## EXERCISE PROMPT
Return exactly the span of lines in the following data that opens with the line containing "Constant5 : Constant" and closes with the line containing "Constant5/1 -> max_velo/1". Include nothing else.

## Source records
____________________

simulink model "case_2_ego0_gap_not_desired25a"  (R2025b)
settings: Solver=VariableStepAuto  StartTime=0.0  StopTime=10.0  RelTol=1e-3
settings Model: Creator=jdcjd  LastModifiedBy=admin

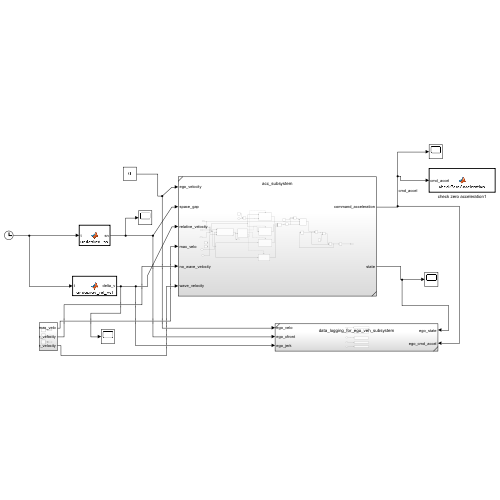
[thumbnail: Simulink's stored preview of the top-level diagram]
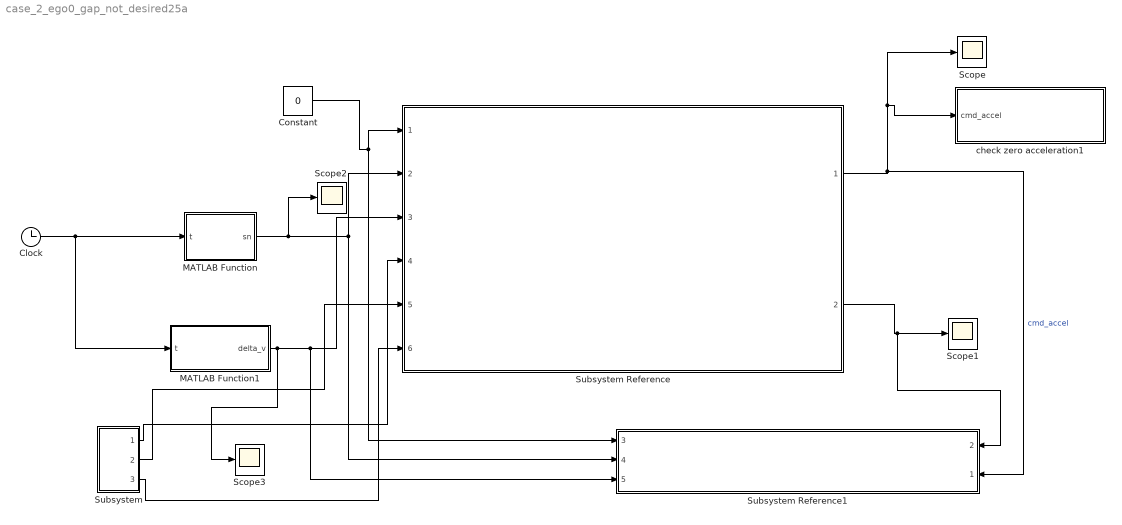
== system case_2_ego0_gap_not_desired25a ==
  Clock : Clock
  Constant : Constant  Value=0
  MATLAB Function : MATLAB Function  TreatAsAtomicUnit=on
  MATLAB Function1 : MATLAB Function  TreatAsAtomicUnit=on
  Scope{,1..3} (4 alike) : Scope
      Scope settings: ActiveDisplayYMinimum=-0.16874999999999998  ActiveDisplayYMaximum=1.51875
      Scope1 settings: ActiveDisplayYMinimum=-0.37499999999999989  ActiveDisplayYMaximum=3.375
      Scope2 settings: ActiveDisplayYMinimum=-0.17568020408606511  ActiveDisplayYMaximum=1.1266479209139351  DataLoggingVariableName=ScopeData2
      Scope3 settings: ActiveDisplayYMinimum=-0.62499999999999989  ActiveDisplayYMaximum=5.625  DataLoggingVariableName=ScopeData3
  Subsystem : Subsystem
  Subsystem Reference : Subsystem  ReferencedSubsystem=acc_subsystem
  Subsystem Reference1 : Subsystem  ReferencedSubsystem=data_logging_for_ego_veh_subsystem
      settings: PortSchema="{\"entries\":[{\"content\":{\"sides\":[{\"content\":{\"connectorIds\":[\"In3\",\"In4\",\"In5\"]},\"type\":\"ConnectorPlacement.EquallySpacedRectSide\",\"uuid\":\"0b96bcaa-a470-46c9-9268-f4bd6b1035a8\"},{\"content\":{\"connectorIds\":[\"In2\",\"In1\"],\"side\":\"RIGHT\"},\"type\":\"ConnectorPlacement.EquallySpacedRectSide\",\"uuid\":\"8e49005a-1e53-4e76-b163-50df0eb9f2cc\"},{\"content\":{\"side\":\"TOP\"},\"type\":\"ConnectorPlacement.EquallySpacedRectSide\",\"uuid\":\"3ff4af65-efca-4a64-9b7f-f479498e89e2\"}]},\"type\":\"ConnectorPlacement.EquallySpacedConnector\",\"uuid\":\"f10caef7-9599-4d5c-a8fd-3eb49f6fcaa8\"}],\"packageUris\":[\"http://schema.mathworks.com/mf0/Connector/R2020b\"],\"version\":\"1.0\"}"
  check zero acceleration1 : MATLAB Function  TreatAsAtomicUnit=on
  wires:
  Subsystem Reference/2 -> Subsystem Reference1/2, Scope1/1
  MATLAB Function/1(sn) -> Scope2/1, Subsystem Reference1/4, Subsystem Reference/2
  Clock/1 -> MATLAB Function1/1(t), MATLAB Function/1(t)
  MATLAB Function1/1(delta_v) -> Scope3/1, Subsystem Reference1/5, Subsystem Reference/3
  Subsystem Reference/1 -> Subsystem Reference1/1, check zero acceleration1/1(cmd_accel), Scope/1  "cmd_accel"
  Constant/1 -> Subsystem Reference1/3, Subsystem Reference/1
  Subsystem/2(no_wave_velocity) -> Subsystem Reference/5
  Subsystem/1(max_velo) -> Subsystem Reference/4
  Subsystem/3(wave_velocity) -> Subsystem Reference/6

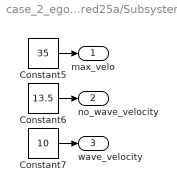
== system case_2_ego0_gap_not_desired25a/Subsystem ==
  Constant5 : Constant  Value=35
  Constant6 : Constant  Value=13.5
  Constant7 : Constant  Value=10
  max_velo : Outport
  no_wave_velocity : Outport  Port=2
  wave_velocity : Outport  Port=3
  wires:
  Constant7/1 -> wave_velocity/1
  Constant6/1 -> no_wave_velocity/1
  Constant5/1 -> max_velo/1

== matlab function case_2_ego0_gap_not_desired25a/MATLAB Function ==
  data: t input; sn output
function sn = undesired_sn(t)

sn = min(t, 0.9);
end

== matlab function case_2_ego0_gap_not_desired25a/check zero acceleration1 ==
  data: cmd_accel input
function checkZeroAcceleration(cmd_accel)
%#codegen
coder.extrinsic('disp', 'sprintf');

if cmd_accel > 0
    msg = sprintf('Error: non zero command acceleration: %.3f, should be less or equal zero', ...
                  cmd_accel);
    disp(msg);
end
end

== matlab function case_2_ego0_gap_not_desired25a/MATLAB Function1 ==
  data: t input; delta_v output
function delta_v = undesired_rel_vel(t)

delta_v = min(t, 5);
end

____________________

## ANSWER BELOW
  Constant5 : Constant  Value=35
  Constant6 : Constant  Value=13.5
  Constant7 : Constant  Value=10
  max_velo : Outport
  no_wave_velocity : Outport  Port=2
  wave_velocity : Outport  Port=3
  wires:
  Constant7/1 -> wave_velocity/1
  Constant6/1 -> no_wave_velocity/1
  Constant5/1 -> max_velo/1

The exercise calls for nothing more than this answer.